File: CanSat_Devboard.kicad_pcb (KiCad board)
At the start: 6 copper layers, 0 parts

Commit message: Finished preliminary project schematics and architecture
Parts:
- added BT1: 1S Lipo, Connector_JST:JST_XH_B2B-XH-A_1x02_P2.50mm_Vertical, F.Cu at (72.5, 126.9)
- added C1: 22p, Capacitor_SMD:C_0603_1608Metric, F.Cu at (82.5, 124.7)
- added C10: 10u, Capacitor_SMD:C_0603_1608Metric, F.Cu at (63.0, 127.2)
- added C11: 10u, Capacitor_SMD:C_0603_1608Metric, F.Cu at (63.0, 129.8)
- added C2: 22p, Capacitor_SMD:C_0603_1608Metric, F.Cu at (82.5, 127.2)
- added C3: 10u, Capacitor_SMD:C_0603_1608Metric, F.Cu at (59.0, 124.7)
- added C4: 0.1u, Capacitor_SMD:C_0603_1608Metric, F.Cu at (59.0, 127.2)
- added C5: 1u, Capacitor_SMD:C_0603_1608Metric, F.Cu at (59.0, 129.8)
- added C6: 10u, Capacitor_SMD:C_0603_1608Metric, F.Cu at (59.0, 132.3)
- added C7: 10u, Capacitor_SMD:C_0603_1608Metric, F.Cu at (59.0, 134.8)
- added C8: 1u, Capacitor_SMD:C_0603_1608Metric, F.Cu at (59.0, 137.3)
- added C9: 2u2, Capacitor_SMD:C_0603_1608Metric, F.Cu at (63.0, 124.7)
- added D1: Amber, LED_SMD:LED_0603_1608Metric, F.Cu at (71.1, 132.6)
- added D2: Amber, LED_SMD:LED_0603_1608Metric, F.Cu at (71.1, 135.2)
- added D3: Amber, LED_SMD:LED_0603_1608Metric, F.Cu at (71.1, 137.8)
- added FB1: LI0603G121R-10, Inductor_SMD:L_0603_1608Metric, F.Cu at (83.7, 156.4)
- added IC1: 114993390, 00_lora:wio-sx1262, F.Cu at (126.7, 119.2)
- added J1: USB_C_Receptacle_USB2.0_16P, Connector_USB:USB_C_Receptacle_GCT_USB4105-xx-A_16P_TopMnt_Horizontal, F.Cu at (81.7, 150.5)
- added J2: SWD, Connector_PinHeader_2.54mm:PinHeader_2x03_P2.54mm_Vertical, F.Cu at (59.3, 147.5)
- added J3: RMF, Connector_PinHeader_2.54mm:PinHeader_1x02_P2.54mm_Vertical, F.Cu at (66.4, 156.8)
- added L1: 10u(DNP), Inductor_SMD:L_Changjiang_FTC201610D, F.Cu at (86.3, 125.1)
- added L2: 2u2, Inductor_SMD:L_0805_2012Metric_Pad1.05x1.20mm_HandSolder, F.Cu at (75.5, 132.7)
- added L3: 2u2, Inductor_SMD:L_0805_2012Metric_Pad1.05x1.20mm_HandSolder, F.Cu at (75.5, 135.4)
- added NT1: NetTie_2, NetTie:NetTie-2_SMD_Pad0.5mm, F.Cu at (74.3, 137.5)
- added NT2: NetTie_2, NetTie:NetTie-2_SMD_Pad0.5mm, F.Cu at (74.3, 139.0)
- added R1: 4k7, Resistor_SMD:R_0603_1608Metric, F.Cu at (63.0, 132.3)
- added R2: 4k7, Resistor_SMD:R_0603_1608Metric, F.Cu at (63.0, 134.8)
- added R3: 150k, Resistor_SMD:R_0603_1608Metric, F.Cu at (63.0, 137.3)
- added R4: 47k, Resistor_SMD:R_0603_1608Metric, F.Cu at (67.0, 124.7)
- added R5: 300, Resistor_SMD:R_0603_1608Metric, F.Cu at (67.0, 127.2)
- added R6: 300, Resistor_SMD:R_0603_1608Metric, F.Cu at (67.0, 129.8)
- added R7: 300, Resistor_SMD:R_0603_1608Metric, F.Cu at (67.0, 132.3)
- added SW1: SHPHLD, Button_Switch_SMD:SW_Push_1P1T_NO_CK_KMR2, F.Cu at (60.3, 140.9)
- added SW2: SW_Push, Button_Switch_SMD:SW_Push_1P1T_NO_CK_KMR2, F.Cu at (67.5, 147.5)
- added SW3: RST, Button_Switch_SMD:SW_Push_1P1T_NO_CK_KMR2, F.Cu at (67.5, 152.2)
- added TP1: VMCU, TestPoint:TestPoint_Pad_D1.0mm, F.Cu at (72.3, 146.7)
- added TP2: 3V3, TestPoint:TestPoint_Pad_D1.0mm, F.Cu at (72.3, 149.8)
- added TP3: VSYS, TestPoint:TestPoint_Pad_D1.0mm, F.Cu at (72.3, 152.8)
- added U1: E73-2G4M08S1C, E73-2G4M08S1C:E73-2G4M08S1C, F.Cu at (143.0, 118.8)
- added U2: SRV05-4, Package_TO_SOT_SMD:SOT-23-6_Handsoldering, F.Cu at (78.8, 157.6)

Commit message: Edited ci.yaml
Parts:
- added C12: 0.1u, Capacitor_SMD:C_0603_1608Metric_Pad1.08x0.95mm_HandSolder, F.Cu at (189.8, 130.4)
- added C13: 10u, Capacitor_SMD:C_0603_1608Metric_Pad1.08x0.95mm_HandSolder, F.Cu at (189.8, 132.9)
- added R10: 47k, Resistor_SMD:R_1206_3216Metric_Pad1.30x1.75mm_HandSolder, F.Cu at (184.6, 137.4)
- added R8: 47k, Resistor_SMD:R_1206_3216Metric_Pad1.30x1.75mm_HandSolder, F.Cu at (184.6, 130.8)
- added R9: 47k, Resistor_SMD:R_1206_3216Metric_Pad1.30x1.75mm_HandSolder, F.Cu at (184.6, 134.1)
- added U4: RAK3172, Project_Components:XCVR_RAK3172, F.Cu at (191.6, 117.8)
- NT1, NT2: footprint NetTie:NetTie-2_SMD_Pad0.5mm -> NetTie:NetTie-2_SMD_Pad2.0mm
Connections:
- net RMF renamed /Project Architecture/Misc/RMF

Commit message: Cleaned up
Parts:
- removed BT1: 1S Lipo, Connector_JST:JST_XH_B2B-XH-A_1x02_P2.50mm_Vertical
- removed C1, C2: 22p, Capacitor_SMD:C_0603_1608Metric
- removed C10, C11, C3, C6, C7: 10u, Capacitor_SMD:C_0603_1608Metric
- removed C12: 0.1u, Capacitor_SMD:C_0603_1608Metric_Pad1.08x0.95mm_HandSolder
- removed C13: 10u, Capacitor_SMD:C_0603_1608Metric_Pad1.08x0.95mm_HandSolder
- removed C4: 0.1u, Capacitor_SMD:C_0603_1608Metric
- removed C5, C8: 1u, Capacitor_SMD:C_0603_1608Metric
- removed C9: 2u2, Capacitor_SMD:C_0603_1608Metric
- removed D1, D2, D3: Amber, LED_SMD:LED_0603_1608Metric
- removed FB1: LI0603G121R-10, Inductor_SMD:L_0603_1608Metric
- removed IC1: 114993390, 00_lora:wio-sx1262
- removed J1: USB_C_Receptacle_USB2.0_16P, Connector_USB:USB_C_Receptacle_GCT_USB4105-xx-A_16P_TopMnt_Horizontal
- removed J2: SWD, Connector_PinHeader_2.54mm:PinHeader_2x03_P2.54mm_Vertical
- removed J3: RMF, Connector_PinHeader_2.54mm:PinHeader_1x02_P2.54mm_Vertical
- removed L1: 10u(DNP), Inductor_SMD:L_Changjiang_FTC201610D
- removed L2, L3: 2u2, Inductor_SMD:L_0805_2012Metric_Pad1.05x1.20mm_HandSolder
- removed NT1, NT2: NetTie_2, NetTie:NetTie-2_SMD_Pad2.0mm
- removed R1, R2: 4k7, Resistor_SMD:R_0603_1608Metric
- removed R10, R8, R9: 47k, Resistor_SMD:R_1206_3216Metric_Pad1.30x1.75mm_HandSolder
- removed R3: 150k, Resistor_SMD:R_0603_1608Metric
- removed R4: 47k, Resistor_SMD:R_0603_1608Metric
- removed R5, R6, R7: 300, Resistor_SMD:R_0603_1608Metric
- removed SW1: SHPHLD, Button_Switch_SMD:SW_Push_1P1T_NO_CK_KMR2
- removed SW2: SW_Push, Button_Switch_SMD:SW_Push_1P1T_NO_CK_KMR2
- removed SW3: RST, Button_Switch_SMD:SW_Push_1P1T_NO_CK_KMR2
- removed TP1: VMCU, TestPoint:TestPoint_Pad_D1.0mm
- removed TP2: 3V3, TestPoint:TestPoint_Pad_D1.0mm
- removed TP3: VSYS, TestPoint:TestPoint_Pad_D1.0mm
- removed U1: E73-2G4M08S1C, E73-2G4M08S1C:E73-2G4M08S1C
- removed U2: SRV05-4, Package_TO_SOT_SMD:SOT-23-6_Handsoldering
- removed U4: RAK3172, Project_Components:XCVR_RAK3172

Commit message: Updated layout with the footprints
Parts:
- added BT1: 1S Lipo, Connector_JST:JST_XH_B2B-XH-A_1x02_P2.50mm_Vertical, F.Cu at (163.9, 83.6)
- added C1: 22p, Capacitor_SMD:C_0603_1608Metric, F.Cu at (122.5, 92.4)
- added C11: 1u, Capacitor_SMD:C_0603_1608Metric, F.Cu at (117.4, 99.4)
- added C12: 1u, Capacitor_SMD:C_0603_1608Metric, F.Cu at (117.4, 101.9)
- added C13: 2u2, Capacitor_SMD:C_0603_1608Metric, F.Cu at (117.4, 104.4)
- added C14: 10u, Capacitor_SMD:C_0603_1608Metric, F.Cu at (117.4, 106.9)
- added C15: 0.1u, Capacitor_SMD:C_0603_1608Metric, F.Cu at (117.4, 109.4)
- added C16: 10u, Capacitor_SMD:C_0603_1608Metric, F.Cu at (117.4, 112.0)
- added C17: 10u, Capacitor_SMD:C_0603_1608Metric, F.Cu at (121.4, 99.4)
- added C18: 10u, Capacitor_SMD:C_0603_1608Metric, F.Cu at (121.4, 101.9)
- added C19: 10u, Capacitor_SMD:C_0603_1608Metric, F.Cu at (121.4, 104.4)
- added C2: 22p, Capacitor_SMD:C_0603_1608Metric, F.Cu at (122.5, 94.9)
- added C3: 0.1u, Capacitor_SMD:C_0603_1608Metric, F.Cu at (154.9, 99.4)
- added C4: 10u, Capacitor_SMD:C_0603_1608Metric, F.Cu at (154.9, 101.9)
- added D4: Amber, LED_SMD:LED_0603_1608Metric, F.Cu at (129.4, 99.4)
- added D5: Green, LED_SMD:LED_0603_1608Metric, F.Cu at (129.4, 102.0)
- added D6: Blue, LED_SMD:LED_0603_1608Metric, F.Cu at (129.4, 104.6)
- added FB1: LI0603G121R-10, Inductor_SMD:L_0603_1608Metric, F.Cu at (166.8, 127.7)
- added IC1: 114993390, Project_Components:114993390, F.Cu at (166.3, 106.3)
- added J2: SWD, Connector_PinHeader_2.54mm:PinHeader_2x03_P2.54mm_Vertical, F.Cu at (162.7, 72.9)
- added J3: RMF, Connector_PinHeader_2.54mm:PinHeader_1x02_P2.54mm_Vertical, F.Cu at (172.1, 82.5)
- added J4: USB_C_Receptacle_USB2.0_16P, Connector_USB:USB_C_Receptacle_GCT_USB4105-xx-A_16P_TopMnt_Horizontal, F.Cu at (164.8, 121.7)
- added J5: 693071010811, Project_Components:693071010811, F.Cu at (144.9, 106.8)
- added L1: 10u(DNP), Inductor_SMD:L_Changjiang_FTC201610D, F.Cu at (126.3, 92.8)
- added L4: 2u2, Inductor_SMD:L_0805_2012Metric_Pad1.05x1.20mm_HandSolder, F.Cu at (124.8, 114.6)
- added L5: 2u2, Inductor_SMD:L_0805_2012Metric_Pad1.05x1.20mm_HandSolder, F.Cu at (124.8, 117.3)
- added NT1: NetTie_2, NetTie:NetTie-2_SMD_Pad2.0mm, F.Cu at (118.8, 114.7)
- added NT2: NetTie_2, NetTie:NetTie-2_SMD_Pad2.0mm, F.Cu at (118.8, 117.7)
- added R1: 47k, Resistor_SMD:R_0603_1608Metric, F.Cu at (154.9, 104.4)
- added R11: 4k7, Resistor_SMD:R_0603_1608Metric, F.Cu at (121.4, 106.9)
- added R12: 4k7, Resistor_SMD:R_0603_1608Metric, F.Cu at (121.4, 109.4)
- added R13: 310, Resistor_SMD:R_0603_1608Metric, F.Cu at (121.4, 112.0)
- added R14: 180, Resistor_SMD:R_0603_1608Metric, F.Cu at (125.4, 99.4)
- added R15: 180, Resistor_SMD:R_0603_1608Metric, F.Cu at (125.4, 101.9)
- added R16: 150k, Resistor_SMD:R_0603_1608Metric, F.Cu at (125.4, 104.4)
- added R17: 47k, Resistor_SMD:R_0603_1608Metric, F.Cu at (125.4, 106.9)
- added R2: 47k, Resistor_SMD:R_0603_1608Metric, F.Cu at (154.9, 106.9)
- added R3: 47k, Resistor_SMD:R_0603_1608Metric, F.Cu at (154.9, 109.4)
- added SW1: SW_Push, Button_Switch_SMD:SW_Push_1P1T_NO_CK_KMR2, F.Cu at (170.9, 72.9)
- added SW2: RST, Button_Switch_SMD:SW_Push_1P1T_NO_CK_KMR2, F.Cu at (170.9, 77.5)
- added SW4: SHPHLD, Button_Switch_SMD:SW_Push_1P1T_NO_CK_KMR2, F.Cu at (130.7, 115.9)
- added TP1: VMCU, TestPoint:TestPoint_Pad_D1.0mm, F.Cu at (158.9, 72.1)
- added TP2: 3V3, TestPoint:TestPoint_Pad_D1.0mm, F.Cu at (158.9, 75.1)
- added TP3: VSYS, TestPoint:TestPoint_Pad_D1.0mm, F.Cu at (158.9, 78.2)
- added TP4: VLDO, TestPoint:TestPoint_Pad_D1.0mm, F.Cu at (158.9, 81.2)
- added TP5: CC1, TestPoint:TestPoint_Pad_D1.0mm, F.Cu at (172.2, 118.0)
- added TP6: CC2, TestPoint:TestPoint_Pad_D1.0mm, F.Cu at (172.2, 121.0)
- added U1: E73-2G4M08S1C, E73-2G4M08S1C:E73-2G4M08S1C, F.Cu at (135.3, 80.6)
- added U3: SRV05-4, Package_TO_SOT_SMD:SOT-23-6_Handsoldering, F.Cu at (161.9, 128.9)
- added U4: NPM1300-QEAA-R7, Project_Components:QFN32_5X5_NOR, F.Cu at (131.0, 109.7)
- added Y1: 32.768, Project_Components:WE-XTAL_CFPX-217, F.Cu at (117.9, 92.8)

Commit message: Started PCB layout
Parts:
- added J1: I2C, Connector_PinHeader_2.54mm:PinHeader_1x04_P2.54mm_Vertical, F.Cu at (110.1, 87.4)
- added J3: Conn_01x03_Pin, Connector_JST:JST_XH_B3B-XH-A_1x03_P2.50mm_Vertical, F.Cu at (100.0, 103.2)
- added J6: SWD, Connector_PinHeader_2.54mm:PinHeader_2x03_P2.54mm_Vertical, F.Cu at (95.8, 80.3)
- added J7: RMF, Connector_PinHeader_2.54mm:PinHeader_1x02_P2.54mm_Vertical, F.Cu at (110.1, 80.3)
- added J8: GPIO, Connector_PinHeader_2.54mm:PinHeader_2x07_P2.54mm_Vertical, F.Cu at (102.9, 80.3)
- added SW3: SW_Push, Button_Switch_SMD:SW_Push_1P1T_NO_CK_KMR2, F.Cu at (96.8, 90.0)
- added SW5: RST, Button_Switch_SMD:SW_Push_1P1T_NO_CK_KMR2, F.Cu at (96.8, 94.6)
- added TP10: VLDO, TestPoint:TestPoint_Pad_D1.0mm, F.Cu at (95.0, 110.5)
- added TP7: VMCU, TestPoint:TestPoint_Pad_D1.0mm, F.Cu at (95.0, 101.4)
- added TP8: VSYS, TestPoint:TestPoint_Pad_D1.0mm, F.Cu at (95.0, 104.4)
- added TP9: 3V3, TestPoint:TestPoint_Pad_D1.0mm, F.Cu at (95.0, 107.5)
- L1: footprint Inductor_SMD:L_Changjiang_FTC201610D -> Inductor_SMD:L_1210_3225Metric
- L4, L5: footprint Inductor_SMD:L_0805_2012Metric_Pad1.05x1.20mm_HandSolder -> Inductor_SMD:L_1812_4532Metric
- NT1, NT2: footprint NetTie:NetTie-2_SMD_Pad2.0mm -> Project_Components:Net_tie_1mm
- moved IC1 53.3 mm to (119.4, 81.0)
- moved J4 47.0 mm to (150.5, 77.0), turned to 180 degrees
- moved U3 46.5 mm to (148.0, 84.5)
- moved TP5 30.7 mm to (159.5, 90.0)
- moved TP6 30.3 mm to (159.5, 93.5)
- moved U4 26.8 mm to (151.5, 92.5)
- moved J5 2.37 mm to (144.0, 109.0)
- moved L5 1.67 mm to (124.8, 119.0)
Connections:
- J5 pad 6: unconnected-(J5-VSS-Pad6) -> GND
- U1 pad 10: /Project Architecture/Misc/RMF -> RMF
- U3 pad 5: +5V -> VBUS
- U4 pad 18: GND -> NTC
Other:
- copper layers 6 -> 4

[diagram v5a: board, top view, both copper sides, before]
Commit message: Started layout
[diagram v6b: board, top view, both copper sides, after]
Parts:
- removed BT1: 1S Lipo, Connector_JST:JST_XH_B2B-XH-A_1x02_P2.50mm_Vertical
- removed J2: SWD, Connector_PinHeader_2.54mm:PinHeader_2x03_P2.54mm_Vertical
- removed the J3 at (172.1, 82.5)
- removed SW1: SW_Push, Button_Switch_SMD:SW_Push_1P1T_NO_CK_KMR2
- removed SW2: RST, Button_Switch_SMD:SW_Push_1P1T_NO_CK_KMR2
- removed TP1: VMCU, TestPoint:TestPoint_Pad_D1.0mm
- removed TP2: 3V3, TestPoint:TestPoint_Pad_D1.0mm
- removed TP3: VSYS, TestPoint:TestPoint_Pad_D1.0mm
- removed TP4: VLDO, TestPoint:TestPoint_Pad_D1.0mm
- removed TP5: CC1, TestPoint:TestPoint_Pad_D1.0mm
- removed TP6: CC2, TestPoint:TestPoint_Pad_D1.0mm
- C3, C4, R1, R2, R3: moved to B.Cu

__Exercise aim__
An exact, complete copy of the lines above from the one with "F.Cu at (172.1, 82.5)" through the one with "- added R17: 47k, Resistor_SMD:R_0603_1608Metric, F.Cu" is the whole answer.

__Your solution__
- added J3: RMF, Connector_PinHeader_2.54mm:PinHeader_1x02_P2.54mm_Vertical, F.Cu at (172.1, 82.5)
- added J4: USB_C_Receptacle_USB2.0_16P, Connector_USB:USB_C_Receptacle_GCT_USB4105-xx-A_16P_TopMnt_Horizontal, F.Cu at (164.8, 121.7)
- added J5: 693071010811, Project_Components:693071010811, F.Cu at (144.9, 106.8)
- added L1: 10u(DNP), Inductor_SMD:L_Changjiang_FTC201610D, F.Cu at (126.3, 92.8)
- added L4: 2u2, Inductor_SMD:L_0805_2012Metric_Pad1.05x1.20mm_HandSolder, F.Cu at (124.8, 114.6)
- added L5: 2u2, Inductor_SMD:L_0805_2012Metric_Pad1.05x1.20mm_HandSolder, F.Cu at (124.8, 117.3)
- added NT1: NetTie_2, NetTie:NetTie-2_SMD_Pad2.0mm, F.Cu at (118.8, 114.7)
- added NT2: NetTie_2, NetTie:NetTie-2_SMD_Pad2.0mm, F.Cu at (118.8, 117.7)
- added R1: 47k, Resistor_SMD:R_0603_1608Metric, F.Cu at (154.9, 104.4)
- added R11: 4k7, Resistor_SMD:R_0603_1608Metric, F.Cu at (121.4, 106.9)
- added R12: 4k7, Resistor_SMD:R_0603_1608Metric, F.Cu at (121.4, 109.4)
- added R13: 310, Resistor_SMD:R_0603_1608Metric, F.Cu at (121.4, 112.0)
- added R14: 180, Resistor_SMD:R_0603_1608Metric, F.Cu at (125.4, 99.4)
- added R15: 180, Resistor_SMD:R_0603_1608Metric, F.Cu at (125.4, 101.9)
- added R16: 150k, Resistor_SMD:R_0603_1608Metric, F.Cu at (125.4, 104.4)
- added R17: 47k, Resistor_SMD:R_0603_1608Metric, F.Cu at (125.4, 106.9)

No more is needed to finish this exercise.